Nothing below is to be printed except the lines between the line holding "Display the results" and the line holding "x2 = xc_err", inclusive, each exactly as it appears.
# # # #
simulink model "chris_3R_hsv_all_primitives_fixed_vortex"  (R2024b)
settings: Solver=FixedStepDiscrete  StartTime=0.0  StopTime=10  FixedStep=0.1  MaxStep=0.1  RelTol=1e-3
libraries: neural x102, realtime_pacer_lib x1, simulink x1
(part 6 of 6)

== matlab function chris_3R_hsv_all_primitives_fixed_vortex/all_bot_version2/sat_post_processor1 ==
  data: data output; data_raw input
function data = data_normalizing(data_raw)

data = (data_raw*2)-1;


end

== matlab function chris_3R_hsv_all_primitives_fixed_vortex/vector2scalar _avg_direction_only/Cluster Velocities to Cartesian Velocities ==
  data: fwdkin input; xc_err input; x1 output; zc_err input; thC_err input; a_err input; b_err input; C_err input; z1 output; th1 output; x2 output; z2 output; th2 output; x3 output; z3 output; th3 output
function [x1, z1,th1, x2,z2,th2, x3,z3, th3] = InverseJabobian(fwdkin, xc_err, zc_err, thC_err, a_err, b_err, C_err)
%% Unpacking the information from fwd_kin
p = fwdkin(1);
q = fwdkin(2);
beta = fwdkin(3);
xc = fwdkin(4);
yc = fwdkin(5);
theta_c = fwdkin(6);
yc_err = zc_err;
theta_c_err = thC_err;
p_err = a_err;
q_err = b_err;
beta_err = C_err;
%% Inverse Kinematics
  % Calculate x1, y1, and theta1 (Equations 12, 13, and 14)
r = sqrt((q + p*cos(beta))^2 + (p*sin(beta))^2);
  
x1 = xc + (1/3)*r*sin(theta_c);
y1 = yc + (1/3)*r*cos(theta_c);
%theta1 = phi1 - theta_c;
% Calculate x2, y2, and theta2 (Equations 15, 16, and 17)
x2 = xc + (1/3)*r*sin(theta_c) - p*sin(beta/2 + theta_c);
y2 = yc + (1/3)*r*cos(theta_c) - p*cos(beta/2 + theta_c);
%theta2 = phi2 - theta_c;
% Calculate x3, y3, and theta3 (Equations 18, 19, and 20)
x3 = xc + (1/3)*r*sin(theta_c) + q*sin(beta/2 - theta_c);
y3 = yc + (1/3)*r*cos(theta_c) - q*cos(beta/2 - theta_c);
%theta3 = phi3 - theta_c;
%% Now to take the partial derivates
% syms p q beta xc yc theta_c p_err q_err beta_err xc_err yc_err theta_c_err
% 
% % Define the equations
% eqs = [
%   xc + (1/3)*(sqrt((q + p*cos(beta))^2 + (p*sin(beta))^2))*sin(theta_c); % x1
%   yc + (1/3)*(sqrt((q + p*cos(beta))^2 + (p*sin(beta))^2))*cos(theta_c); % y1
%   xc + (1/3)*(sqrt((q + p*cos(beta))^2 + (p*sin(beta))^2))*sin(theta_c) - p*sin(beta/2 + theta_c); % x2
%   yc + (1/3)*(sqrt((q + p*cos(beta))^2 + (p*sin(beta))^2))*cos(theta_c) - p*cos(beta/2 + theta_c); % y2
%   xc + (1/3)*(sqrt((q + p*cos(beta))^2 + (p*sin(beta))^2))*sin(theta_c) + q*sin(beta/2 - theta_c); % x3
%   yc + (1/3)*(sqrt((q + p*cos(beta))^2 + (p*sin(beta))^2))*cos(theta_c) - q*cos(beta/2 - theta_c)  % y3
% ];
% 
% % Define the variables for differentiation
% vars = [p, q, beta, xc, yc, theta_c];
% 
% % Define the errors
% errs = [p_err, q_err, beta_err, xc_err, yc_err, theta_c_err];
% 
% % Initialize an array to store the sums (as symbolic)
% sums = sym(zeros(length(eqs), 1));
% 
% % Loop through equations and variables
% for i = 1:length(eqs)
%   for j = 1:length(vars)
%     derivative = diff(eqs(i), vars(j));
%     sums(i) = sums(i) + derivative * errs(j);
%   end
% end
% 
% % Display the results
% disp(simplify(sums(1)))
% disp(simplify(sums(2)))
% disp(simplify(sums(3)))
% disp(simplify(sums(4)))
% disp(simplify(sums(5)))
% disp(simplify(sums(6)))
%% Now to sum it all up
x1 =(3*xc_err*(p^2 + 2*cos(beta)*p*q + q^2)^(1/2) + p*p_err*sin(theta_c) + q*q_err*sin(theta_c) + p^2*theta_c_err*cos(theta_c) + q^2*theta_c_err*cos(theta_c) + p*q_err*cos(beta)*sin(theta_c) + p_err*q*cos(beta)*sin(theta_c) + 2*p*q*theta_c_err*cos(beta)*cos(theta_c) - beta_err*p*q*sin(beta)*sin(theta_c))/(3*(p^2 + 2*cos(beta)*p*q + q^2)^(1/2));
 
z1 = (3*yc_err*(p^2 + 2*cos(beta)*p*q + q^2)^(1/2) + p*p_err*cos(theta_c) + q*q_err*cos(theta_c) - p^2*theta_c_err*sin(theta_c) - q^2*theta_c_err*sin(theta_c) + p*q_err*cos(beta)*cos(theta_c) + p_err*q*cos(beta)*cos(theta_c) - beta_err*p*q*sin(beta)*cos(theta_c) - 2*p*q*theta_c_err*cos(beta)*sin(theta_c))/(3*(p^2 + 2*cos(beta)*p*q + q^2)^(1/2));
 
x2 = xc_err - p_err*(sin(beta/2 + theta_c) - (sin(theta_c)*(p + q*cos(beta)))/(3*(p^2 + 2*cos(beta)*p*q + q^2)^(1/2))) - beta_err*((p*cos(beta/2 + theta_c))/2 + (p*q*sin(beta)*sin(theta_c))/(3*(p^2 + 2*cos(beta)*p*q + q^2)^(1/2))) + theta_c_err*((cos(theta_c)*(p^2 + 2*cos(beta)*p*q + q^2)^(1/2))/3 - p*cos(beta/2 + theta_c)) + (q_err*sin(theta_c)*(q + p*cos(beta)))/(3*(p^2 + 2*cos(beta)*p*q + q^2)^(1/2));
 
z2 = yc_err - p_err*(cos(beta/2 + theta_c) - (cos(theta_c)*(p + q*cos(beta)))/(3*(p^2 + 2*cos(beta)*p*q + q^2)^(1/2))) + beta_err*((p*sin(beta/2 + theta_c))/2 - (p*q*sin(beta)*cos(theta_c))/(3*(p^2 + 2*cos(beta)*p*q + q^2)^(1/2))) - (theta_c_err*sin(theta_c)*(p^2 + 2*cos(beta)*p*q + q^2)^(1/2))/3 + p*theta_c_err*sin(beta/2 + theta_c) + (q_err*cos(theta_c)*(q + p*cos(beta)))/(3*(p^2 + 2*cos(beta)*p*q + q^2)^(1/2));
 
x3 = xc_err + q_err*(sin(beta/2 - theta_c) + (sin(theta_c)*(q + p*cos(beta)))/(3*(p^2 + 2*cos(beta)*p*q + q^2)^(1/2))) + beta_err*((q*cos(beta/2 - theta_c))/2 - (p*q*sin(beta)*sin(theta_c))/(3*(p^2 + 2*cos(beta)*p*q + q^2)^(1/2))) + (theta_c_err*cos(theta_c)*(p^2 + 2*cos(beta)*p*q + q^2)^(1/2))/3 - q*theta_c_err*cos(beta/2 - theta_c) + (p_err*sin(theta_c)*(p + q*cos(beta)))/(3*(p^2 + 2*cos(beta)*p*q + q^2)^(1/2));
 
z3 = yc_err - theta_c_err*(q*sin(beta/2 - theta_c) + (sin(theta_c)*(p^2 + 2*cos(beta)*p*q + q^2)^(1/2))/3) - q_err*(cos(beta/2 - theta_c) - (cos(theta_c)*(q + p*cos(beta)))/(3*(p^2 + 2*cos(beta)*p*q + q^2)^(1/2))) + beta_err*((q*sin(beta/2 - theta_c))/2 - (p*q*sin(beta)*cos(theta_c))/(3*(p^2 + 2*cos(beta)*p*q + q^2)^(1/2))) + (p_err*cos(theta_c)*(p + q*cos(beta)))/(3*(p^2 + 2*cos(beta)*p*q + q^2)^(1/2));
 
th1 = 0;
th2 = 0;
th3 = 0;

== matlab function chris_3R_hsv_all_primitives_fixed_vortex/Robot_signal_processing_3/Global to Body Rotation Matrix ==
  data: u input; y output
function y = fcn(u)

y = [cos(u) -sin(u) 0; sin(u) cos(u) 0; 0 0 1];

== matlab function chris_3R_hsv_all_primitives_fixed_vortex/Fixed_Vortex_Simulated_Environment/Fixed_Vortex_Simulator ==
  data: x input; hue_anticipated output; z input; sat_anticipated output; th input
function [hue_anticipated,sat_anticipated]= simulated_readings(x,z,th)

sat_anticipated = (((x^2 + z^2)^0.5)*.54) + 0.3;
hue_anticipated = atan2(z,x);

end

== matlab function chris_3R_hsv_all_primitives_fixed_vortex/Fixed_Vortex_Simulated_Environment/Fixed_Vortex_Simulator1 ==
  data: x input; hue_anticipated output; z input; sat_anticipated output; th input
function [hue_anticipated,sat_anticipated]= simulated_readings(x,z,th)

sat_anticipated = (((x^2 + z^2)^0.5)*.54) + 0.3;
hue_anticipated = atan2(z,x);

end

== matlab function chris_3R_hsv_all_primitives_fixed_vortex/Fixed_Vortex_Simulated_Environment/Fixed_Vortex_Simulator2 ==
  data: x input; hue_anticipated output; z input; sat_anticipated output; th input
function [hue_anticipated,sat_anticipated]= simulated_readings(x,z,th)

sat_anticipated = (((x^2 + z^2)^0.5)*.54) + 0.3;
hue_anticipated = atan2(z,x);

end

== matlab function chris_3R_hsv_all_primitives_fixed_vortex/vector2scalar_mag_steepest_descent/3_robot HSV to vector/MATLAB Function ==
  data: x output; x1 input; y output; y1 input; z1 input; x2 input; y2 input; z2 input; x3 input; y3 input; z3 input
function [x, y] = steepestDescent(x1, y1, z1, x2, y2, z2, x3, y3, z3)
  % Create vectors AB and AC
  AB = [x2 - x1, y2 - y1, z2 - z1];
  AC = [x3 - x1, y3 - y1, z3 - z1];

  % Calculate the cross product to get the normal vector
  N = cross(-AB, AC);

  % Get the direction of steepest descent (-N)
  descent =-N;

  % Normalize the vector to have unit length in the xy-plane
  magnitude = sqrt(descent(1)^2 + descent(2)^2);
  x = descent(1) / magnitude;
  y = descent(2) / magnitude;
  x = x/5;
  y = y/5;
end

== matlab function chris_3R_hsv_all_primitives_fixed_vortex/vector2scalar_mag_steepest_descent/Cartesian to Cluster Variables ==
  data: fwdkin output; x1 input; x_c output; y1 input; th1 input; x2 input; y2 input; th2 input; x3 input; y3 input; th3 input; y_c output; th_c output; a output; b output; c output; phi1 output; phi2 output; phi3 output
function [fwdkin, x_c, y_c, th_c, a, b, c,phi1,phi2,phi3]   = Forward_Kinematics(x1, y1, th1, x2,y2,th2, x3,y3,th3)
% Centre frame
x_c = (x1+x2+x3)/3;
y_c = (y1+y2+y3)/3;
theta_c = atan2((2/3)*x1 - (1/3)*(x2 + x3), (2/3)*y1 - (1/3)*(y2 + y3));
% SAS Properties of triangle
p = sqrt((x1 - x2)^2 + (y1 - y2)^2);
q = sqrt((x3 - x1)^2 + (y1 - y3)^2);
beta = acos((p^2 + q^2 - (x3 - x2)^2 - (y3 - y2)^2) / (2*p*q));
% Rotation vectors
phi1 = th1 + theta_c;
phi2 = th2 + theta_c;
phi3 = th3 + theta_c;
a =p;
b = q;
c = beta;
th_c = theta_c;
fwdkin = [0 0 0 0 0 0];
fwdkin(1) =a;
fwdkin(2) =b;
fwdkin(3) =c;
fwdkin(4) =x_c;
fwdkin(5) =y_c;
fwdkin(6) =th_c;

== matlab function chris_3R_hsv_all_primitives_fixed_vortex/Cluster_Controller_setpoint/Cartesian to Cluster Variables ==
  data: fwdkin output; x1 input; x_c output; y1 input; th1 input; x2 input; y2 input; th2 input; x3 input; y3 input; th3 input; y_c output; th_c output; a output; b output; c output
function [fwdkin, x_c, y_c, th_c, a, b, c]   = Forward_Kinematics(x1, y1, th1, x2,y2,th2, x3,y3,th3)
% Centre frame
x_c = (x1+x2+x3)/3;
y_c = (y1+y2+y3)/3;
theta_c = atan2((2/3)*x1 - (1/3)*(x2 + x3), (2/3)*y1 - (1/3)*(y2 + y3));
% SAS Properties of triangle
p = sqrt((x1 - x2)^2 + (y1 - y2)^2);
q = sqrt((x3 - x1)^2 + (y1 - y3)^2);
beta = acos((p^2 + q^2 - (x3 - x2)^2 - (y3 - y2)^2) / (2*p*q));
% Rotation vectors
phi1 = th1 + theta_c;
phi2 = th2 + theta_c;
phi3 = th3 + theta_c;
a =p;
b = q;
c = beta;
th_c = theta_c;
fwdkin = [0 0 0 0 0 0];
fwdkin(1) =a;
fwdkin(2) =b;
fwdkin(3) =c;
# # # #
* Exercise solution
% % Display the results
% disp(simplify(sums(1)))
% disp(simplify(sums(2)))
% disp(simplify(sums(3)))
% disp(simplify(sums(4)))
% disp(simplify(sums(5)))
% disp(simplify(sums(6)))
%% Now to sum it all up
x1 =(3*xc_err*(p^2 + 2*cos(beta)*p*q + q^2)^(1/2) + p*p_err*sin(theta_c) + q*q_err*sin(theta_c) + p^2*theta_c_err*cos(theta_c) + q^2*theta_c_err*cos(theta_c) + p*q_err*cos(beta)*sin(theta_c) + p_err*q*cos(beta)*sin(theta_c) + 2*p*q*theta_c_err*cos(beta)*cos(theta_c) - beta_err*p*q*sin(beta)*sin(theta_c))/(3*(p^2 + 2*cos(beta)*p*q + q^2)^(1/2));
 
z1 = (3*yc_err*(p^2 + 2*cos(beta)*p*q + q^2)^(1/2) + p*p_err*cos(theta_c) + q*q_err*cos(theta_c) - p^2*theta_c_err*sin(theta_c) - q^2*theta_c_err*sin(theta_c) + p*q_err*cos(beta)*cos(theta_c) + p_err*q*cos(beta)*cos(theta_c) - beta_err*p*q*sin(beta)*cos(theta_c) - 2*p*q*theta_c_err*cos(beta)*sin(theta_c))/(3*(p^2 + 2*cos(beta)*p*q + q^2)^(1/2));
 
x2 = xc_err - p_err*(sin(beta/2 + theta_c) - (sin(theta_c)*(p + q*cos(beta)))/(3*(p^2 + 2*cos(beta)*p*q + q^2)^(1/2))) - beta_err*((p*cos(beta/2 + theta_c))/2 + (p*q*sin(beta)*sin(theta_c))/(3*(p^2 + 2*cos(beta)*p*q + q^2)^(1/2))) + theta_c_err*((cos(theta_c)*(p^2 + 2*cos(beta)*p*q + q^2)^(1/2))/3 - p*cos(beta/2 + theta_c)) + (q_err*sin(theta_c)*(q + p*cos(beta)))/(3*(p^2 + 2*cos(beta)*p*q + q^2)^(1/2));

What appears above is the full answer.